--- Extracted material Enclosed Below ---

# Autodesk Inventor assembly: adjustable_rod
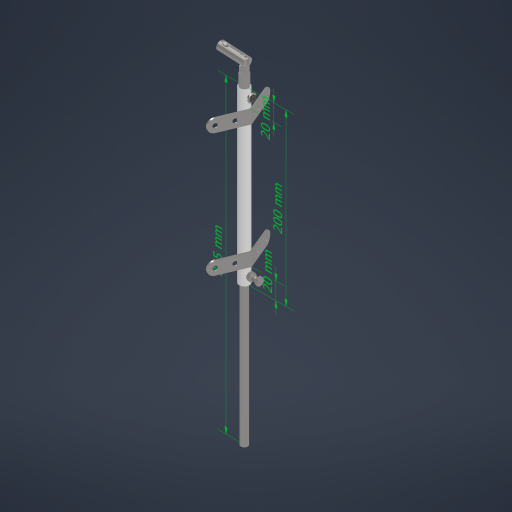
[picture p0: Inventor's stored thumbnail of the model, 512x512]
Saved by Autodesk Inventor 2023 (Build 270158000, 158)
## iProperties
Created: 2022-04-25
Part Number: adjustable_rod
Document SubType Name: Assembly
Designer: Norbert Ligas
Mass: 170.803 g
Surface Area: 276.995 cm^2
Volume: 25.9266 cm^3
Density: 6.58796 g/cm^3
leg_min_length: 200,000 mm
leg_max_length: 365,000 mm
iron_angle_to_pipe_edge: 20,000 mm
pipe_length: 200,000 mm
Author: Norbert Ligas
## Documents named in this file (9)
- C:\Users\norbe\Repozytoria\NormalMapScanner\stand_construction\parts\adjustable_leg.iam
- C:\Users\norbe\Repozytoria\NormalMapScanner\stand_construction\parts\bar_185mm.ipt
- C:\Users\norbe\Repozytoria\NormalMapScanner\stand_construction\parts\pipe_200mm.ipt
- C:\Users\norbe\OneDrive\Dokumenty\Inventor\Content Center Files\R2023\en-US\ISO 4032(2)\ISO 4032 - M5 - ISO.ipt
- C:\Users\norbe\Repozytoria\NormalMapScanner\stand_construction\parts\barrel_hinge.iam
- C:\Users\norbe\OneDrive\Dokumenty\Inventor\Content Center Files\R2023\en-US\ISO 4017(1)\ISO 4017 - M5 x 16 - ISO.ipt
- C:\Users\norbe\OneDrive\Dokumenty\Inventor\Content Center Files\R2023\en-US\ISO 7045  Z\ISO 7045 - M3,5 x 14_ - 4.8 - Z - ISO.ipt
- C:\Users\norbe\OneDrive\Dokumenty\Inventor\Content Center Files\R2023\en-US\ISO 7090\ISO 7090 - 5 - 140 HV(1).ipt
- C:\Users\norbe\Repozytoria\NormalMapScanner\stand_construction\parts\angle_iron.ipt
## Components (9 placed, 8 different names)
1. bar_185mm:1 — Mate:1, Mate:2, Mate:3, Cylindrical:1
2. pipe_200mm:1 — Cylindrical:1, Tangent:1, Mate:5, Mate:7, Mate:8, Angle:4, Mate:10, Mate:11, Tangent:2, Tangent:3, Tangent:4, Mate:12, Tangent:5, Tangent:6, Mate:13, Mate:14, Flush:2
3. ISO 4032 M5:1 — Tangent:1, Mate:5, Mate:10, Insert:1
4. barrel_hinge:1 [sub-assembly] — Mate:7, Mate:8, Mate:11, Insert:2, Mate:14
5. ISO 4017 M5 x 16:1 — Insert:1
6. ISO 7045 Z M3,5 x 14 - 4.8 - Z:1 — Insert:2, Insert:3
7. ISO 7090 5 - 140 HV:1 — Insert:3
8. angle_iron:1 — Tangent:2, Tangent:5, Tangent:6, Mate:13, Flush:1
9. angle_iron:2 — Tangent:3, Tangent:4, Mate:12, Flush:1, Flush:2
## Relationships (24: Mate 11, Tangent 6, Insert 3, Flush 2, CylindricalJoint 1, Angle 1)
- Mate:1: bar_185mm:1
- Mate:2: bar_185mm:1
- Mate:3: bar_185mm:1
- Cylindrical:1: bar_185mm:1 ↔ pipe_200mm:1
- Tangent:1: pipe_200mm:1 ↔ ISO 4032 M5:1
- Mate:5 (10 mm): pipe_200mm:1 ↔ ISO 4032 M5:1
- Mate:7 (-15 mm): pipe_200mm:1 ↔ barrel_hinge:1
- Mate:8: pipe_200mm:1 ↔ barrel_hinge:1
- Angle:4 (0 deg): pipe_200mm:1
- Mate:10: pipe_200mm:1 ↔ ISO 4032 M5:1
- Mate:11: pipe_200mm:1 ↔ barrel_hinge:1
- Insert:1 (5 mm): ISO 4032 M5:1 ↔ ISO 4017 M5 x 16:1
- Insert:2 (7 mm): barrel_hinge:1 ↔ ISO 7045 Z M3,5 x 14 - 4.8 - Z:1
- Insert:3: ISO 7045 Z M3,5 x 14 - 4.8 - Z:1 ↔ ISO 7090 5 - 140 HV:1
- Tangent:2: pipe_200mm:1 ↔ angle_iron:1
- Tangent:3: pipe_200mm:1 ↔ angle_iron:2
- Tangent:4: pipe_200mm:1 ↔ angle_iron:2
- Mate:12 (20 mm): pipe_200mm:1 ↔ angle_iron:2
- Tangent:5: pipe_200mm:1 ↔ angle_iron:1
- Tangent:6: pipe_200mm:1 ↔ angle_iron:1
- Mate:13 (20 mm): pipe_200mm:1 ↔ angle_iron:1
- Mate:14: pipe_200mm:1 ↔ barrel_hinge:1
- Flush:1: angle_iron:1 ↔ angle_iron:2
- Flush:2: pipe_200mm:1 ↔ angle_iron:2
## Named parameters: pipe_length = 200 mm, bar_length = 185 mm, leg_min_length = 200 mm, leg_max_length = 365 mm, max_extrusion = 165 mm, min_extrusion = 0 mm, hinge_insertion = 15 mm, connection_length = 20 mm, current_extrusion = 0 mm, iron_angle_to_pipe_edge = 20 mm

--- End of Enclosed Extracted material ---

▸ **Directions for this task**
Scan the records for the word "Autodesk" and copy every line where it is found.

▸ **Written reply**
# Autodesk Inventor assembly: adjustable_rod
Saved by Autodesk Inventor 2023 (Build 270158000, 158)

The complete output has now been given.